**Data**
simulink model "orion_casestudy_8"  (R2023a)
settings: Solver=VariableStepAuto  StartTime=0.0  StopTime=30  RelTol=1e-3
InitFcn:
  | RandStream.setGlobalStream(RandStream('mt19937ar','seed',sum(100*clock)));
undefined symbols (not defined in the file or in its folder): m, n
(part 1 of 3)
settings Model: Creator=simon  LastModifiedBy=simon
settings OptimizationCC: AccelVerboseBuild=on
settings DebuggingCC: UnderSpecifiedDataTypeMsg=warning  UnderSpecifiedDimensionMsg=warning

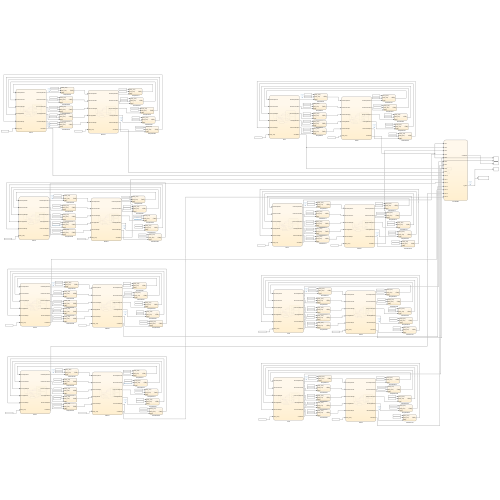
[thumbnail: Simulink's stored preview of the top-level diagram]
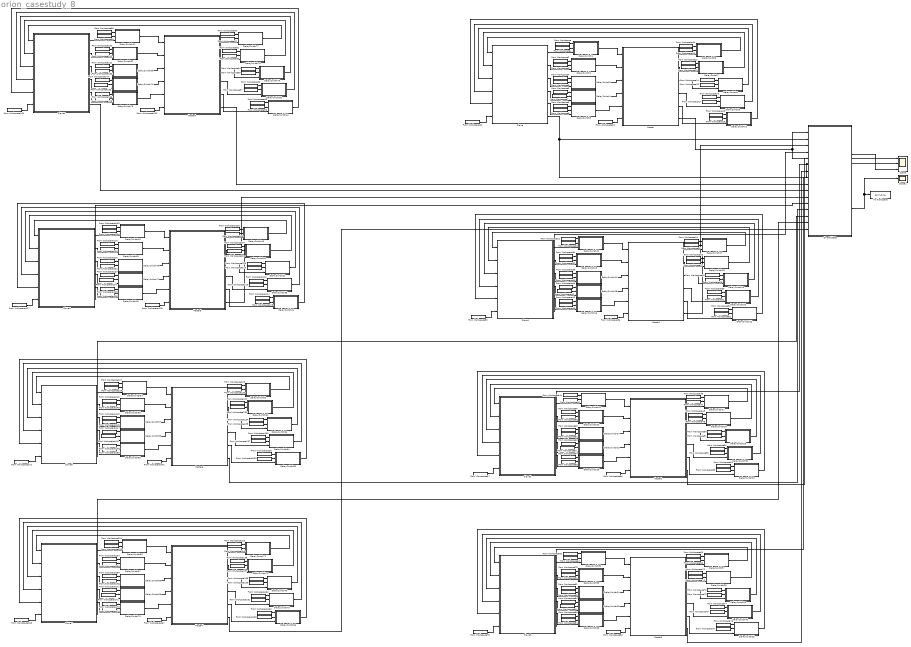
== system orion_casestudy_8 ==
  DelaySwitch1 : Stateflow chart  TreatAsAtomicUnit=on
  DelaySwitch10 : Stateflow chart  TreatAsAtomicUnit=on
  DelaySwitch11 : Stateflow chart  TreatAsAtomicUnit=on
  DelaySwitch12 : Stateflow chart  TreatAsAtomicUnit=on
  DelaySwitch13 : Stateflow chart  TreatAsAtomicUnit=on
  DelaySwitch14 : Stateflow chart  TreatAsAtomicUnit=on
  DelaySwitch15 : Stateflow chart  TreatAsAtomicUnit=on
  DelaySwitch16 : Stateflow chart  TreatAsAtomicUnit=on
  DelaySwitch17 : Stateflow chart  TreatAsAtomicUnit=on
  DelaySwitch18 : Stateflow chart  TreatAsAtomicUnit=on
  DelaySwitch19 : Stateflow chart  TreatAsAtomicUnit=on
  DelaySwitch2 : Stateflow chart  TreatAsAtomicUnit=on
  DelaySwitch20 : Stateflow chart  TreatAsAtomicUnit=on
  DelaySwitch21 : Stateflow chart  TreatAsAtomicUnit=on
  DelaySwitch22 : Stateflow chart  TreatAsAtomicUnit=on
  DelaySwitch23 : Stateflow chart  TreatAsAtomicUnit=on
  DelaySwitch24 : Stateflow chart  TreatAsAtomicUnit=on
  DelaySwitch25 : Stateflow chart  TreatAsAtomicUnit=on
  DelaySwitch26 : Stateflow chart  TreatAsAtomicUnit=on
  DelaySwitch27 : Stateflow chart  TreatAsAtomicUnit=on
  DelaySwitch28 : Stateflow chart  TreatAsAtomicUnit=on
  DelaySwitch29 : Stateflow chart  TreatAsAtomicUnit=on
  DelaySwitch3 : Stateflow chart  TreatAsAtomicUnit=on
  DelaySwitch30 : Stateflow chart  TreatAsAtomicUnit=on
  DelaySwitch31 : Stateflow chart  TreatAsAtomicUnit=on
  DelaySwitch32 : Stateflow chart  TreatAsAtomicUnit=on
  DelaySwitch33 : Stateflow chart  TreatAsAtomicUnit=on
  DelaySwitch34 : Stateflow chart  TreatAsAtomicUnit=on
  DelaySwitch35 : Stateflow chart  TreatAsAtomicUnit=on
  DelaySwitch36 : Stateflow chart  TreatAsAtomicUnit=on
  DelaySwitch37 : Stateflow chart  TreatAsAtomicUnit=on
  DelaySwitch38 : Stateflow chart  TreatAsAtomicUnit=on
  DelaySwitch39 : Stateflow chart  TreatAsAtomicUnit=on
  DelaySwitch4 : Stateflow chart  TreatAsAtomicUnit=on
  DelaySwitch40 : Stateflow chart  TreatAsAtomicUnit=on
  DelaySwitch41 : Stateflow chart  TreatAsAtomicUnit=on
  DelaySwitch42 : Stateflow chart  TreatAsAtomicUnit=on
  DelaySwitch43 : Stateflow chart  TreatAsAtomicUnit=on
  DelaySwitch44 : Stateflow chart  TreatAsAtomicUnit=on
  DelaySwitch45 : Stateflow chart  TreatAsAtomicUnit=on
  DelaySwitch46 : Stateflow chart  TreatAsAtomicUnit=on
  DelaySwitch47 : Stateflow chart  TreatAsAtomicUnit=on
  DelaySwitch48 : Stateflow chart  TreatAsAtomicUnit=on
  DelaySwitch49 : Stateflow chart  TreatAsAtomicUnit=on
  DelaySwitch5 : Stateflow chart  TreatAsAtomicUnit=on
  DelaySwitch50 : Stateflow chart  TreatAsAtomicUnit=on
  DelaySwitch51 : Stateflow chart  TreatAsAtomicUnit=on
  DelaySwitch52 : Stateflow chart  TreatAsAtomicUnit=on
  DelaySwitch53 : Stateflow chart  TreatAsAtomicUnit=on
  DelaySwitch54 : Stateflow chart  TreatAsAtomicUnit=on
  DelaySwitch55 : Stateflow chart  TreatAsAtomicUnit=on
  DelaySwitch56 : Stateflow chart  TreatAsAtomicUnit=on
  DelaySwitch57 : Stateflow chart  TreatAsAtomicUnit=on
  DelaySwitch58 : Stateflow chart  TreatAsAtomicUnit=on
  DelaySwitch59 : Stateflow chart  TreatAsAtomicUnit=on
  DelaySwitch6 : Stateflow chart  TreatAsAtomicUnit=on
  DelaySwitch60 : Stateflow chart  TreatAsAtomicUnit=on
  DelaySwitch61 : Stateflow chart  TreatAsAtomicUnit=on
  DelaySwitch62 : Stateflow chart  TreatAsAtomicUnit=on
  DelaySwitch63 : Stateflow chart  TreatAsAtomicUnit=on
  DelaySwitch64 : Stateflow chart  TreatAsAtomicUnit=on
  DelaySwitch65 : Stateflow chart  TreatAsAtomicUnit=on
  DelaySwitch66 : Stateflow chart  TreatAsAtomicUnit=on
  DelaySwitch67 : Stateflow chart  TreatAsAtomicUnit=on
  DelaySwitch68 : Stateflow chart  TreatAsAtomicUnit=on
  DelaySwitch69 : Stateflow chart  TreatAsAtomicUnit=on
  DelaySwitch7 : Stateflow chart  TreatAsAtomicUnit=on
  DelaySwitch70 : Stateflow chart  TreatAsAtomicUnit=on
  DelaySwitch71 : Stateflow chart  TreatAsAtomicUnit=on
  DelaySwitch72 : Stateflow chart  TreatAsAtomicUnit=on
  DelaySwitch73 : Stateflow chart  TreatAsAtomicUnit=on
  DelaySwitch74 : Stateflow chart  TreatAsAtomicUnit=on
  DelaySwitch75 : Stateflow chart  TreatAsAtomicUnit=on
  DelaySwitch76 : Stateflow chart  TreatAsAtomicUnit=on
  DelaySwitch77 : Stateflow chart  TreatAsAtomicUnit=on
  DelaySwitch78 : Stateflow chart  TreatAsAtomicUnit=on
  DelaySwitch79 : Stateflow chart  TreatAsAtomicUnit=on
  DelaySwitch8 : Stateflow chart  TreatAsAtomicUnit=on
  DelaySwitch80 : Stateflow chart  TreatAsAtomicUnit=on
  DelaySwitch9 : Stateflow chart  TreatAsAtomicUnit=on
  From Workspace : FromWorkspace  VariableName=switch_array_1  SampleTime=-1  Interpolate=off  ZeroCross=off  OutputAfterFinalValue=Holding final value
  From Workspace1 : FromWorkspace  VariableName=delay_array_1  SampleTime=-1  Interpolate=off  ZeroCross=off  OutputAfterFinalValue=Holding final value
  From Workspace10 : FromWorkspace  VariableName=switch_array_6  SampleTime=-1  Interpolate=off  ZeroCross=off  OutputAfterFinalValue=Holding final value
  From Workspace100 : FromWorkspace  VariableName=switch_array_52  SampleTime=-1  Interpolate=off  ZeroCross=off  OutputAfterFinalValue=Holding final value
  From Workspace101 : FromWorkspace  VariableName=delay_array_S5  SampleTime=-1  Interpolate=off  ZeroCross=off  OutputAfterFinalValue=Holding final value
  From Workspace102 : FromWorkspace  VariableName=delay_array_M5  SampleTime=-1  Interpolate=off  ZeroCross=off  OutputAfterFinalValue=Holding final value
  From Workspace103 : FromWorkspace  VariableName=switch_array_61  SampleTime=-1  Interpolate=off  ZeroCross=off  OutputAfterFinalValue=Holding final value
  From Workspace104 : FromWorkspace  VariableName=delay_array_61  SampleTime=-1  Interpolate=off  ZeroCross=off  OutputAfterFinalValue=Holding final value
  From Workspace105 : FromWorkspace  VariableName=switch_array_66  SampleTime=-1  Interpolate=off  ZeroCross=off  OutputAfterFinalValue=Holding final value
  From Workspace106 : FromWorkspace  VariableName=delay_array_66  SampleTime=-1  Interpolate=off  ZeroCross=off  OutputAfterFinalValue=Holding final value
  From Workspace107 : FromWorkspace  VariableName=switch_array_67  SampleTime=-1  Interpolate=off  ZeroCross=off  OutputAfterFinalValue=Holding final value
  From Workspace108 : FromWorkspace  VariableName=delay_array_67  SampleTime=-1  Interpolate=off  ZeroCross=off  OutputAfterFinalValue=Holding final value
  From Workspace109 : FromWorkspace  VariableName=switch_array_68  SampleTime=-1  Interpolate=off  ZeroCross=off  OutputAfterFinalValue=Holding final value
  From Workspace11 : FromWorkspace  VariableName=delay_array_6  SampleTime=-1  Interpolate=off  ZeroCross=off  OutputAfterFinalValue=Holding final value
  From Workspace110 : FromWorkspace  VariableName=delay_array_68  SampleTime=-1  Interpolate=off  ZeroCross=off  OutputAfterFinalValue=Holding final value
  From Workspace111 : FromWorkspace  VariableName=delay_array_52  SampleTime=-1  Interpolate=off  ZeroCross=off  OutputAfterFinalValue=Holding final value
  From Workspace112 : FromWorkspace  VariableName=switch_array_69  SampleTime=-1  Interpolate=off  ZeroCross=off  OutputAfterFinalValue=Holding final value
  From Workspace113 : FromWorkspace  VariableName=delay_array_69  SampleTime=-1  Interpolate=off  ZeroCross=off  OutputAfterFinalValue=Holding final value
  From Workspace114 : FromWorkspace  VariableName=switch_array_70  SampleTime=-1  Interpolate=off  ZeroCross=off  OutputAfterFinalValue=Holding final value
  From Workspace115 : FromWorkspace  VariableName=delay_array_70  SampleTime=-1  Interpolate=off  ZeroCross=off  OutputAfterFinalValue=Holding final value
  From Workspace116 : FromWorkspace  VariableName=switch_array_62  SampleTime=-1  Interpolate=off  ZeroCross=off  OutputAfterFinalValue=Holding final value
  From Workspace117 : FromWorkspace  VariableName=delay_array_S6  SampleTime=-1  Interpolate=off  ZeroCross=off  OutputAfterFinalValue=Holding final value
  From Workspace118 : FromWorkspace  VariableName=delay_array_M6  SampleTime=-1  Interpolate=off  ZeroCross=off  OutputAfterFinalValue=Holding final value
  From Workspace119 : FromWorkspace  VariableName=delay_array_62  SampleTime=-1  Interpolate=off  ZeroCross=off  OutputAfterFinalValue=Holding final value
  From Workspace12 : FromWorkspace  VariableName=switch_array_7  SampleTime=-1  Interpolate=off  ZeroCross=off  OutputAfterFinalValue=Holding final value
  From Workspace120 : FromWorkspace  VariableName=switch_array_63  SampleTime=-1  Interpolate=off  ZeroCross=off  OutputAfterFinalValue=Holding final value
  From Workspace121 : FromWorkspace  VariableName=delay_array_63  SampleTime=-1  Interpolate=off  ZeroCross=off  OutputAfterFinalValue=Holding final value
  From Workspace122 : FromWorkspace  VariableName=switch_array_53  SampleTime=-1  Interpolate=off  ZeroCross=off  OutputAfterFinalValue=Holding final value
  From Workspace123 : FromWorkspace  VariableName=switch_array_64  SampleTime=-1  Interpolate=off  ZeroCross=off  OutputAfterFinalValue=Holding final value
  From Workspace124 : FromWorkspace  VariableName=delay_array_64  SampleTime=-1  Interpolate=off  ZeroCross=off  OutputAfterFinalValue=Holding final value
  From Workspace125 : FromWorkspace  VariableName=switch_array_65  SampleTime=-1  Interpolate=off  ZeroCross=off  OutputAfterFinalValue=Holding final value
  From Workspace126 : FromWorkspace  VariableName=delay_array_65  SampleTime=-1  Interpolate=off  ZeroCross=off  OutputAfterFinalValue=Holding final value
  From Workspace127 : FromWorkspace  VariableName=switch_array_71  SampleTime=-1  Interpolate=off  ZeroCross=off  OutputAfterFinalValue=Holding final value
  From Workspace128 : FromWorkspace  VariableName=delay_array_71  SampleTime=-1  Interpolate=off  ZeroCross=off  OutputAfterFinalValue=Holding final value
  From Workspace129 : FromWorkspace  VariableName=switch_array_76  SampleTime=-1  Interpolate=off  ZeroCross=off  OutputAfterFinalValue=Holding final value
  From Workspace13 : FromWorkspace  VariableName=delay_array_7  SampleTime=-1  Interpolate=off  ZeroCross=off  OutputAfterFinalValue=Holding final value
  From Workspace130 : FromWorkspace  VariableName=delay_array_76  SampleTime=-1  Interpolate=off  ZeroCross=off  OutputAfterFinalValue=Holding final value
  From Workspace131 : FromWorkspace  VariableName=switch_array_77  SampleTime=-1  Interpolate=off  ZeroCross=off  OutputAfterFinalValue=Holding final value
  From Workspace132 : FromWorkspace  VariableName=delay_array_77  SampleTime=-1  Interpolate=off  ZeroCross=off  OutputAfterFinalValue=Holding final value
  From Workspace133 : FromWorkspace  VariableName=delay_array_53  SampleTime=-1  Interpolate=off  ZeroCross=off  OutputAfterFinalValue=Holding final value
  From Workspace134 : FromWorkspace  VariableName=switch_array_78  SampleTime=-1  Interpolate=off  ZeroCross=off  OutputAfterFinalValue=Holding final value
  From Workspace135 : FromWorkspace  VariableName=delay_array_78  SampleTime=-1  Interpolate=off  ZeroCross=off  OutputAfterFinalValue=Holding final value
  From Workspace136 : FromWorkspace  VariableName=switch_array_79  SampleTime=-1  Interpolate=off  ZeroCross=off  OutputAfterFinalValue=Holding final value
  From Workspace137 : FromWorkspace  VariableName=delay_array_79  SampleTime=-1  Interpolate=off  ZeroCross=off  OutputAfterFinalValue=Holding final value
  From Workspace138 : FromWorkspace  VariableName=switch_array_80  SampleTime=-1  Interpolate=off  ZeroCross=off  OutputAfterFinalValue=Holding final value
  From Workspace139 : FromWorkspace  VariableName=delay_array_80  SampleTime=-1  Interpolate=off  ZeroCross=off  OutputAfterFinalValue=Holding final value
  From Workspace14 : FromWorkspace  VariableName=switch_array_8  SampleTime=-1  Interpolate=off  ZeroCross=off  OutputAfterFinalValue=Holding final value
  From Workspace140 : FromWorkspace  VariableName=switch_array_72  SampleTime=-1  Interpolate=off  ZeroCross=off  OutputAfterFinalValue=Holding final value
  From Workspace141 : FromWorkspace  VariableName=delay_array_S7  SampleTime=-1  Interpolate=off  ZeroCross=off  OutputAfterFinalValue=Holding final value
  From Workspace142 : FromWorkspace  VariableName=delay_array_M7  SampleTime=-1  Interpolate=off  ZeroCross=off  OutputAfterFinalValue=Holding final value
  From Workspace143 : FromWorkspace  VariableName=delay_array_72  SampleTime=-1  Interpolate=off  ZeroCross=off  OutputAfterFinalValue=Holding final value
  From Workspace144 : FromWorkspace  VariableName=switch_array_54  SampleTime=-1  Interpolate=off  ZeroCross=off  OutputAfterFinalValue=Holding final value
  From Workspace145 : FromWorkspace  VariableName=switch_array_73  SampleTime=-1  Interpolate=off  ZeroCross=off  OutputAfterFinalValue=Holding final value
  From Workspace146 : FromWorkspace  VariableName=delay_array_73  SampleTime=-1  Interpolate=off  ZeroCross=off  OutputAfterFinalValue=Holding final value
  From Workspace147 : FromWorkspace  VariableName=switch_array_74  SampleTime=-1  Interpolate=off  ZeroCross=off  OutputAfterFinalValue=Holding final value
  From Workspace148 : FromWorkspace  VariableName=delay_array_74  SampleTime=-1  Interpolate=off  ZeroCross=off  OutputAfterFinalValue=Holding final value
  From Workspace149 : FromWorkspace  VariableName=switch_array_75  SampleTime=-1  Interpolate=off  ZeroCross=off  OutputAfterFinalValue=Holding final value
  From Workspace15 : FromWorkspace  VariableName=delay_array_8  SampleTime=-1  Interpolate=off  ZeroCross=off  OutputAfterFinalValue=Holding final value
  From Workspace150 : FromWorkspace  VariableName=delay_array_75  SampleTime=-1  Interpolate=off  ZeroCross=off  OutputAfterFinalValue=Holding final value
  From Workspace151 : FromWorkspace  VariableName=switch_array_81  SampleTime=-1  Interpolate=off  ZeroCross=off  OutputAfterFinalValue=Holding final value
  From Workspace152 : FromWorkspace  VariableName=delay_array_81  SampleTime=-1  Interpolate=off  ZeroCross=off  OutputAfterFinalValue=Holding final value
  From Workspace153 : FromWorkspace  VariableName=switch_array_86  SampleTime=-1  Interpolate=off  ZeroCross=off  OutputAfterFinalValue=Holding final value
  From Workspace154 : FromWorkspace  VariableName=delay_array_86  SampleTime=-1  Interpolate=off  ZeroCross=off  OutputAfterFinalValue=Holding final value
  From Workspace155 : FromWorkspace  VariableName=delay_array_54  SampleTime=-1  Interpolate=off  ZeroCross=off  OutputAfterFinalValue=Holding final value
  From Workspace156 : FromWorkspace  VariableName=switch_array_87  SampleTime=-1  Interpolate=off  ZeroCross=off  OutputAfterFinalValue=Holding final value
  From Workspace157 : FromWorkspace  VariableName=delay_array_87  SampleTime=-1  Interpolate=off  ZeroCross=off  OutputAfterFinalValue=Holding final value
  From Workspace158 : FromWorkspace  VariableName=switch_array_88  SampleTime=-1  Interpolate=off  ZeroCross=off  OutputAfterFinalValue=Holding final value
  From Workspace159 : FromWorkspace  VariableName=delay_array_88  SampleTime=-1  Interpolate=off  ZeroCross=off  OutputAfterFinalValue=Holding final value
  From Workspace16 : FromWorkspace  VariableName=switch_array_9  SampleTime=-1  Interpolate=off  ZeroCross=off  OutputAfterFinalValue=Holding final value
  From Workspace160 : FromWorkspace  VariableName=switch_array_89  SampleTime=-1  Interpolate=off  ZeroCross=off  OutputAfterFinalValue=Holding final value
  From Workspace161 : FromWorkspace  VariableName=delay_array_89  SampleTime=-1  Interpolate=off  ZeroCross=off  OutputAfterFinalValue=Holding final value
  From Workspace162 : FromWorkspace  VariableName=switch_array_90  SampleTime=-1  Interpolate=off  ZeroCross=off  OutputAfterFinalValue=Holding final value
  From Workspace163 : FromWorkspace  VariableName=delay_array_90  SampleTime=-1  Interpolate=off  ZeroCross=off  OutputAfterFinalValue=Holding final value
  From Workspace164 : FromWorkspace  VariableName=switch_array_82  SampleTime=-1  Interpolate=off  ZeroCross=off  OutputAfterFinalValue=Holding final value
  From Workspace165 : FromWorkspace  VariableName=delay_array_S8  SampleTime=-1  Interpolate=off  ZeroCross=off  OutputAfterFinalValue=Holding final value
  From Workspace166 : FromWorkspace  VariableName=switch_array_55  SampleTime=-1  Interpolate=off  ZeroCross=off  OutputAfterFinalValue=Holding final value
  From Workspace167 : FromWorkspace  VariableName=delay_array_M8  SampleTime=-1  Interpolate=off  ZeroCross=off  OutputAfterFinalValue=Holding final value
  From Workspace168 : FromWorkspace  VariableName=delay_array_82  SampleTime=-1  Interpolate=off  ZeroCross=off  OutputAfterFinalValue=Holding final value
  From Workspace169 : FromWorkspace  VariableName=switch_array_83  SampleTime=-1  Interpolate=off  ZeroCross=off  OutputAfterFinalValue=Holding final value
  From Workspace17 : FromWorkspace  VariableName=delay_array_9  SampleTime=-1  Interpolate=off  ZeroCross=off  OutputAfterFinalValue=Holding final value
  From Workspace170 : FromWorkspace  VariableName=delay_array_83  SampleTime=-1  Interpolate=off  ZeroCross=off  OutputAfterFinalValue=Holding final value
  From Workspace171 : FromWorkspace  VariableName=switch_array_84  SampleTime=-1  Interpolate=off  ZeroCross=off  OutputAfterFinalValue=Holding final value
  From Workspace172 : FromWorkspace  VariableName=delay_array_84  SampleTime=-1  Interpolate=off  ZeroCross=off  OutputAfterFinalValue=Holding final value
  From Workspace173 : FromWorkspace  VariableName=switch_array_85  SampleTime=-1  Interpolate=off  ZeroCross=off  OutputAfterFinalValue=Holding final value
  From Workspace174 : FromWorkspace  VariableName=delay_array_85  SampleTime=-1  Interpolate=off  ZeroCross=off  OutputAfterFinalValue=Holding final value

**Task statement**
Which lines contain "settings"? Copy each of them from the listing.

**Solution to this problem**
settings: Solver=VariableStepAuto  StartTime=0.0  StopTime=30  RelTol=1e-3
settings Model: Creator=simon  LastModifiedBy=simon
settings OptimizationCC: AccelVerboseBuild=on
settings DebuggingCC: UnderSpecifiedDataTypeMsg=warning  UnderSpecifiedDimensionMsg=warning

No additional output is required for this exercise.